What the task requires: Print the lines of the listing below verbatim from its first line through the line bearing "#6=PRODUCT_DEFINITION_FORMATION('','',#4);". Any pictures are to be omitted.

——————

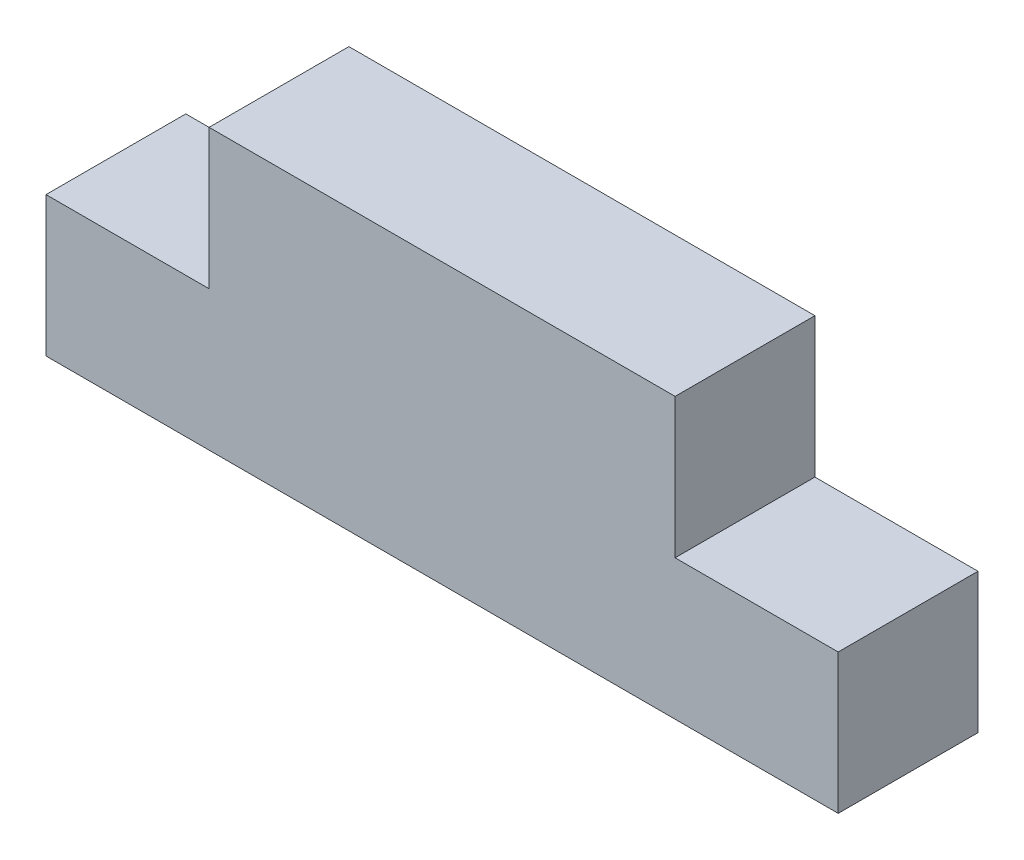
ISO-10303-21;
HEADER;
FILE_DESCRIPTION(('STEP AP214'),'2;1');
FILE_NAME('part.step','',(''),(''),'','','');
FILE_SCHEMA(('AUTOMOTIVE_DESIGN { 1 0 10303 214 1 1 1 1 }'));
ENDSEC;
DATA;
#1=APPLICATION_CONTEXT('core data for automotive mechanical design processes');
#2=APPLICATION_PROTOCOL_DEFINITION('international standard','automotive_design',2000,#1);
#3=PRODUCT_CONTEXT('',#1,'mechanical');
#4=PRODUCT('Part','Part','',(#3));
#5=PRODUCT_RELATED_PRODUCT_CATEGORY('part','',(#4));
#6=PRODUCT_DEFINITION_FORMATION('','',#4);
#7=PRODUCT_DEFINITION_CONTEXT('part definition',#1,'design');
#8=PRODUCT_DEFINITION('design','',#6,#7);
#9=PRODUCT_DEFINITION_SHAPE('','',#8);
#10=(LENGTH_UNIT() NAMED_UNIT(*) SI_UNIT(.MILLI.,.METRE.));
#11=(NAMED_UNIT(*) PLANE_ANGLE_UNIT() SI_UNIT($,.RADIAN.));
#12=(NAMED_UNIT(*) SI_UNIT($,.STERADIAN.) SOLID_ANGLE_UNIT());
#13=UNCERTAINTY_MEASURE_WITH_UNIT(LENGTH_MEASURE(1.E-05),#10,'distance_accuracy_value','');
#14=(GEOMETRIC_REPRESENTATION_CONTEXT(3) GLOBAL_UNCERTAINTY_ASSIGNED_CONTEXT((#13)) GLOBAL_UNIT_ASSIGNED_CONTEXT((#10,
#11,#12)) REPRESENTATION_CONTEXT('',''));
#15=CARTESIAN_POINT('',(0.,0.,0.));
#16=DIRECTION('',(0.,0.,1.));
#17=DIRECTION('',(1.,0.,0.));
#18=AXIS2_PLACEMENT_3D('',#15,#16,#17);
#19=CARTESIAN_POINT('',(0.,6.,6.));
#20=DIRECTION('',(0.,-1.,0.));
#21=DIRECTION('',(1.,0.,0.));
#22=AXIS2_PLACEMENT_3D('',#19,#20,#21);
#23=PLANE('',#22);
#24=DIRECTION('',(-1.,0.,0.));
#25=VECTOR('',#24,1.);
#26=CARTESIAN_POINT('',(0.,6.,0.));
#27=LINE('',#26,#25);
#28=CARTESIAN_POINT('',(34.,6.,0.));
#29=VERTEX_POINT('',#28);
#30=CARTESIAN_POINT('',(27.,6.,0.));
#31=VERTEX_POINT('',#30);
#32=EDGE_CURVE('E145',#29,#31,#27,.T.);
#33=ORIENTED_EDGE('',*,*,#32,.T.);
#34=DIRECTION('',(0.,0.,-1.));
#35=VECTOR('',#34,1.);
#36=CARTESIAN_POINT('',(27.,6.,6.));
#37=LINE('',#36,#35);
#38=CARTESIAN_POINT('',(27.,6.,6.));
#39=VERTEX_POINT('',#38);
#40=EDGE_CURVE('E11',#39,#31,#37,.T.);
#41=ORIENTED_EDGE('',*,*,#40,.F.);
#42=DIRECTION('',(-1.,0.,0.));
#43=VECTOR('',#42,1.);
#44=CARTESIAN_POINT('',(0.,6.,6.));
#45=LINE('',#44,#43);
#46=CARTESIAN_POINT('',(34.,6.,6.));
#47=VERTEX_POINT('',#46);
#48=EDGE_CURVE('E171',#47,#39,#45,.T.);
#49=ORIENTED_EDGE('',*,*,#48,.F.);
#50=DIRECTION('',(0.,0.,-1.));
#51=VECTOR('',#50,1.);
#52=CARTESIAN_POINT('',(34.,6.,6.));
#53=LINE('',#52,#51);
#54=EDGE_CURVE('E144',#47,#29,#53,.T.);
#55=ORIENTED_EDGE('',*,*,#54,.T.);
#56=EDGE_LOOP('',(#33,#41,#49,#55));
#57=FACE_BOUND('',#56,.T.);
#58=ADVANCED_FACE('F41',(#57),#23,.F.);
#59=CARTESIAN_POINT('',(27.,0.,6.));
#60=DIRECTION('',(-1.,0.,0.));
#61=DIRECTION('',(0.,0.,1.));
#62=AXIS2_PLACEMENT_3D('',#59,#60,#61);
#63=PLANE('',#62);
#64=DIRECTION('',(0.,1.,0.));
#65=VECTOR('',#64,1.);
#66=CARTESIAN_POINT('',(27.,0.,0.));
#67=LINE('',#66,#65);
#68=CARTESIAN_POINT('',(27.,12.,0.));
#69=VERTEX_POINT('',#68);
#70=EDGE_CURVE('E149',#31,#69,#67,.T.);
#71=ORIENTED_EDGE('',*,*,#70,.T.);
#72=DIRECTION('',(0.,0.,-1.));
#73=VECTOR('',#72,1.);
#74=CARTESIAN_POINT('',(27.,12.,6.));
#75=LINE('',#74,#73);
#76=CARTESIAN_POINT('',(27.,12.,6.));
#77=VERTEX_POINT('',#76);
#78=EDGE_CURVE('E50',#77,#69,#75,.T.);
#79=ORIENTED_EDGE('',*,*,#78,.F.);
#80=DIRECTION('',(0.,1.,0.));
#81=VECTOR('',#80,1.);
#82=CARTESIAN_POINT('',(27.,0.,6.));
#83=LINE('',#82,#81);
#84=EDGE_CURVE('E100',#39,#77,#83,.T.);
#85=ORIENTED_EDGE('',*,*,#84,.F.);
#86=ORIENTED_EDGE('',*,*,#40,.T.);
#87=EDGE_LOOP('',(#71,#79,#85,#86));
#88=FACE_BOUND('',#87,.T.);
#89=ADVANCED_FACE('F190',(#88),#63,.F.);
#90=CARTESIAN_POINT('',(0.,12.,6.));
#91=DIRECTION('',(0.,1.,0.));
#92=DIRECTION('',(0.,0.,1.));
#93=AXIS2_PLACEMENT_3D('',#90,#91,#92);
#94=PLANE('',#93);
#95=DIRECTION('',(1.,0.,0.));
#96=VECTOR('',#95,1.);
#97=CARTESIAN_POINT('',(0.,12.,0.));
#98=LINE('',#97,#96);
#99=CARTESIAN_POINT('',(7.,12.,0.));
#100=VERTEX_POINT('',#99);
#101=EDGE_CURVE('E153',#100,#69,#98,.T.);
#102=ORIENTED_EDGE('',*,*,#101,.F.);
#103=DIRECTION('',(0.,0.,-1.));
#104=VECTOR('',#103,1.);
#105=CARTESIAN_POINT('',(7.,12.,6.));
#106=LINE('',#105,#104);
#107=CARTESIAN_POINT('',(7.,12.,6.));
#108=VERTEX_POINT('',#107);
#109=EDGE_CURVE('E181',#108,#100,#106,.T.);
#110=ORIENTED_EDGE('',*,*,#109,.F.);
#111=DIRECTION('',(1.,0.,0.));
#112=VECTOR('',#111,1.);
#113=CARTESIAN_POINT('',(0.,12.,6.));
#114=LINE('',#113,#112);
#115=EDGE_CURVE('E189',#108,#77,#114,.T.);
#116=ORIENTED_EDGE('',*,*,#115,.T.);
#117=ORIENTED_EDGE('',*,*,#78,.T.);
#118=EDGE_LOOP('',(#102,#110,#116,#117));
#119=FACE_BOUND('',#118,.T.);
#120=ADVANCED_FACE('F187',(#119),#94,.T.);
#121=CARTESIAN_POINT('',(7.,0.,6.));
#122=DIRECTION('',(-1.,0.,0.));
#123=DIRECTION('',(0.,0.,1.));
#124=AXIS2_PLACEMENT_3D('',#121,#122,#123);
#125=PLANE('',#124);
#126=DIRECTION('',(0.,1.,0.));
#127=VECTOR('',#126,1.);
#128=CARTESIAN_POINT('',(7.,0.,0.));
#129=LINE('',#128,#127);
#130=CARTESIAN_POINT('',(7.,6.,0.));
#131=VERTEX_POINT('',#130);
#132=EDGE_CURVE('E157',#131,#100,#129,.T.);
#133=ORIENTED_EDGE('',*,*,#132,.F.);
#134=DIRECTION('',(0.,0.,-1.));
#135=VECTOR('',#134,1.);
#136=CARTESIAN_POINT('',(7.,6.,6.));
#137=LINE('',#136,#135);
#138=CARTESIAN_POINT('',(7.,6.,6.));
#139=VERTEX_POINT('',#138);
#140=EDGE_CURVE('E178',#139,#131,#137,.T.);
#141=ORIENTED_EDGE('',*,*,#140,.F.);
#142=DIRECTION('',(0.,1.,0.));
#143=VECTOR('',#142,1.);
#144=CARTESIAN_POINT('',(7.,0.,6.));
#145=LINE('',#144,#143);
#146=EDGE_CURVE('E138',#139,#108,#145,.T.);
#147=ORIENTED_EDGE('',*,*,#146,.T.);
#148=ORIENTED_EDGE('',*,*,#109,.T.);
#149=EDGE_LOOP('',(#133,#141,#147,#148));
#150=FACE_BOUND('',#149,.T.);
#151=ADVANCED_FACE('F198',(#150),#125,.T.);
#152=CARTESIAN_POINT('',(0.,6.,6.));
#153=DIRECTION('',(0.,1.,0.));
#154=DIRECTION('',(0.,0.,1.));
#155=AXIS2_PLACEMENT_3D('',#152,#153,#154);
#156=PLANE('',#155);
#157=DIRECTION('',(1.,0.,0.));
#158=VECTOR('',#157,1.);
#159=CARTESIAN_POINT('',(0.,6.,0.));
#160=LINE('',#159,#158);
#161=CARTESIAN_POINT('',(0.,6.,0.));
#162=VERTEX_POINT('',#161);
#163=EDGE_CURVE('E161',#162,#131,#160,.T.);
#164=ORIENTED_EDGE('',*,*,#163,.F.);
#165=DIRECTION('',(0.,0.,-1.));
#166=VECTOR('',#165,1.);
#167=CARTESIAN_POINT('',(0.,6.,6.));
#168=LINE('',#167,#166);
#169=CARTESIAN_POINT('',(0.,6.,6.));
#170=VERTEX_POINT('',#169);
#171=EDGE_CURVE('E123',#170,#162,#168,.T.);
#172=ORIENTED_EDGE('',*,*,#171,.F.);
#173=DIRECTION('',(1.,0.,0.));
#174=VECTOR('',#173,1.);
#175=CARTESIAN_POINT('',(0.,6.,6.));
#176=LINE('',#175,#174);
#177=EDGE_CURVE('E134',#170,#139,#176,.T.);
#178=ORIENTED_EDGE('',*,*,#177,.T.);
#179=ORIENTED_EDGE('',*,*,#140,.T.);
#180=EDGE_LOOP('',(#164,#172,#178,#179));
#181=FACE_BOUND('',#180,.T.);
#182=ADVANCED_FACE('F230',(#181),#156,.T.);
#183=CARTESIAN_POINT('',(0.,0.,6.));
#184=DIRECTION('',(-1.,0.,0.));
#185=DIRECTION('',(0.,0.,1.));
#186=AXIS2_PLACEMENT_3D('',#183,#184,#185);
#187=PLANE('',#186);
#188=DIRECTION('',(0.,1.,0.));
#189=VECTOR('',#188,1.);
#190=CARTESIAN_POINT('',(0.,0.,0.));
#191=LINE('',#190,#189);
#192=CARTESIAN_POINT('',(0.,0.,0.));
#193=VERTEX_POINT('',#192);
#194=EDGE_CURVE('E121',#193,#162,#191,.T.);
#195=ORIENTED_EDGE('',*,*,#194,.F.);
#196=DIRECTION('',(0.,0.,-1.));
#197=VECTOR('',#196,1.);
#198=CARTESIAN_POINT('',(0.,0.,6.));
#199=LINE('',#198,#197);
#200=CARTESIAN_POINT('',(0.,0.,6.));
#201=VERTEX_POINT('',#200);
#202=EDGE_CURVE('E115',#201,#193,#199,.T.);
#203=ORIENTED_EDGE('',*,*,#202,.F.);
#204=DIRECTION('',(0.,1.,0.));
#205=VECTOR('',#204,1.);
#206=CARTESIAN_POINT('',(0.,0.,6.));
#207=LINE('',#206,#205);
#208=EDGE_CURVE('E119',#201,#170,#207,.T.);
#209=ORIENTED_EDGE('',*,*,#208,.T.);
#210=ORIENTED_EDGE('',*,*,#171,.T.);
#211=EDGE_LOOP('',(#195,#203,#209,#210));
#212=FACE_BOUND('',#211,.T.);
#213=ADVANCED_FACE('F117',(#212),#187,.T.);
#214=CARTESIAN_POINT('',(0.,0.,6.));
#215=DIRECTION('',(0.,1.,0.));
#216=DIRECTION('',(0.,0.,1.));
#217=AXIS2_PLACEMENT_3D('',#214,#215,#216);
#218=PLANE('',#217);
#219=DIRECTION('',(1.,0.,0.));
#220=VECTOR('',#219,1.);
#221=CARTESIAN_POINT('',(0.,0.,0.));
#222=LINE('',#221,#220);
#223=CARTESIAN_POINT('',(34.,0.,0.));
#224=VERTEX_POINT('',#223);
#225=EDGE_CURVE('E86',#193,#224,#222,.T.);
#226=ORIENTED_EDGE('',*,*,#225,.T.);
#227=DIRECTION('',(0.,0.,-1.));
#228=VECTOR('',#227,1.);
#229=CARTESIAN_POINT('',(34.,0.,6.));
#230=LINE('',#229,#228);
#231=CARTESIAN_POINT('',(34.,0.,6.));
#232=VERTEX_POINT('',#231);
#233=EDGE_CURVE('E124',#232,#224,#230,.T.);
#234=ORIENTED_EDGE('',*,*,#233,.F.);
#235=DIRECTION('',(1.,0.,0.));
#236=VECTOR('',#235,1.);
#237=CARTESIAN_POINT('',(0.,0.,6.));
#238=LINE('',#237,#236);
#239=EDGE_CURVE('E126',#201,#232,#238,.T.);
#240=ORIENTED_EDGE('',*,*,#239,.F.);
#241=ORIENTED_EDGE('',*,*,#202,.T.);
#242=EDGE_LOOP('',(#226,#234,#240,#241));
#243=FACE_BOUND('',#242,.T.);
#244=ADVANCED_FACE('F127',(#243),#218,.F.);
#245=CARTESIAN_POINT('',(34.,0.,6.));
#246=DIRECTION('',(-1.,0.,0.));
#247=DIRECTION('',(0.,0.,1.));
#248=AXIS2_PLACEMENT_3D('',#245,#246,#247);
#249=PLANE('',#248);
#250=DIRECTION('',(0.,1.,0.));
#251=VECTOR('',#250,1.);
#252=CARTESIAN_POINT('',(34.,0.,0.));
#253=LINE('',#252,#251);
#254=EDGE_CURVE('E92',#224,#29,#253,.T.);
#255=ORIENTED_EDGE('',*,*,#254,.T.);
#256=ORIENTED_EDGE('',*,*,#54,.F.);
#257=DIRECTION('',(0.,1.,0.));
#258=VECTOR('',#257,1.);
#259=CARTESIAN_POINT('',(34.,0.,6.));
#260=LINE('',#259,#258);
#261=EDGE_CURVE('E58',#232,#47,#260,.T.);
#262=ORIENTED_EDGE('',*,*,#261,.F.);
#263=ORIENTED_EDGE('',*,*,#233,.T.);
#264=EDGE_LOOP('',(#255,#256,#262,#263));
#265=FACE_BOUND('',#264,.T.);
#266=ADVANCED_FACE('F209',(#265),#249,.F.);
#267=CARTESIAN_POINT('',(0.,0.,6.));
#268=DIRECTION('',(0.,0.,1.));
#269=DIRECTION('',(1.,0.,0.));
#270=AXIS2_PLACEMENT_3D('',#267,#268,#269);
#271=PLANE('',#270);
#272=ORIENTED_EDGE('',*,*,#48,.T.);
#273=ORIENTED_EDGE('',*,*,#84,.T.);
#274=ORIENTED_EDGE('',*,*,#115,.F.);
#275=ORIENTED_EDGE('',*,*,#146,.F.);
#276=ORIENTED_EDGE('',*,*,#177,.F.);
#277=ORIENTED_EDGE('',*,*,#208,.F.);
#278=ORIENTED_EDGE('',*,*,#239,.T.);
#279=ORIENTED_EDGE('',*,*,#261,.T.);
#280=EDGE_LOOP('',(#272,#273,#274,#275,#276,#277,#278,#279));
#281=FACE_BOUND('',#280,.T.);
#282=ADVANCED_FACE('F131',(#281),#271,.T.);
#283=CARTESIAN_POINT('',(0.,0.,0.));
#284=DIRECTION('',(0.,0.,1.));
#285=DIRECTION('',(1.,0.,0.));
#286=AXIS2_PLACEMENT_3D('',#283,#284,#285);
#287=PLANE('',#286);
#288=ORIENTED_EDGE('',*,*,#32,.F.);
#289=ORIENTED_EDGE('',*,*,#254,.F.);
#290=ORIENTED_EDGE('',*,*,#225,.F.);
#291=ORIENTED_EDGE('',*,*,#194,.T.);
#292=ORIENTED_EDGE('',*,*,#163,.T.);
#293=ORIENTED_EDGE('',*,*,#132,.T.);
#294=ORIENTED_EDGE('',*,*,#101,.T.);
#295=ORIENTED_EDGE('',*,*,#70,.F.);
#296=EDGE_LOOP('',(#288,#289,#290,#291,#292,#293,#294,#295));
#297=FACE_BOUND('',#296,.T.);
#298=ADVANCED_FACE('F194',(#297),#287,.F.);
#299=CLOSED_SHELL('',(#58,#89,#120,#151,#182,#213,#244,#266,#282,#298));
#300=MANIFOLD_SOLID_BREP('B2',#299);
#301=ADVANCED_BREP_SHAPE_REPRESENTATION('',(#18,#300),#14);
#302=SHAPE_DEFINITION_REPRESENTATION(#9,#301);
ENDSEC;
END-ISO-10303-21;

——————

Solution:
ISO-10303-21;
HEADER;
FILE_DESCRIPTION(('STEP AP214'),'2;1');
FILE_NAME('part.step','',(''),(''),'','','');
FILE_SCHEMA(('AUTOMOTIVE_DESIGN { 1 0 10303 214 1 1 1 1 }'));
ENDSEC;
DATA;
#1=APPLICATION_CONTEXT('core data for automotive mechanical design processes');
#2=APPLICATION_PROTOCOL_DEFINITION('international standard','automotive_design',2000,#1);
#3=PRODUCT_CONTEXT('',#1,'mechanical');
#4=PRODUCT('Part','Part','',(#3));
#5=PRODUCT_RELATED_PRODUCT_CATEGORY('part','',(#4));
#6=PRODUCT_DEFINITION_FORMATION('','',#4);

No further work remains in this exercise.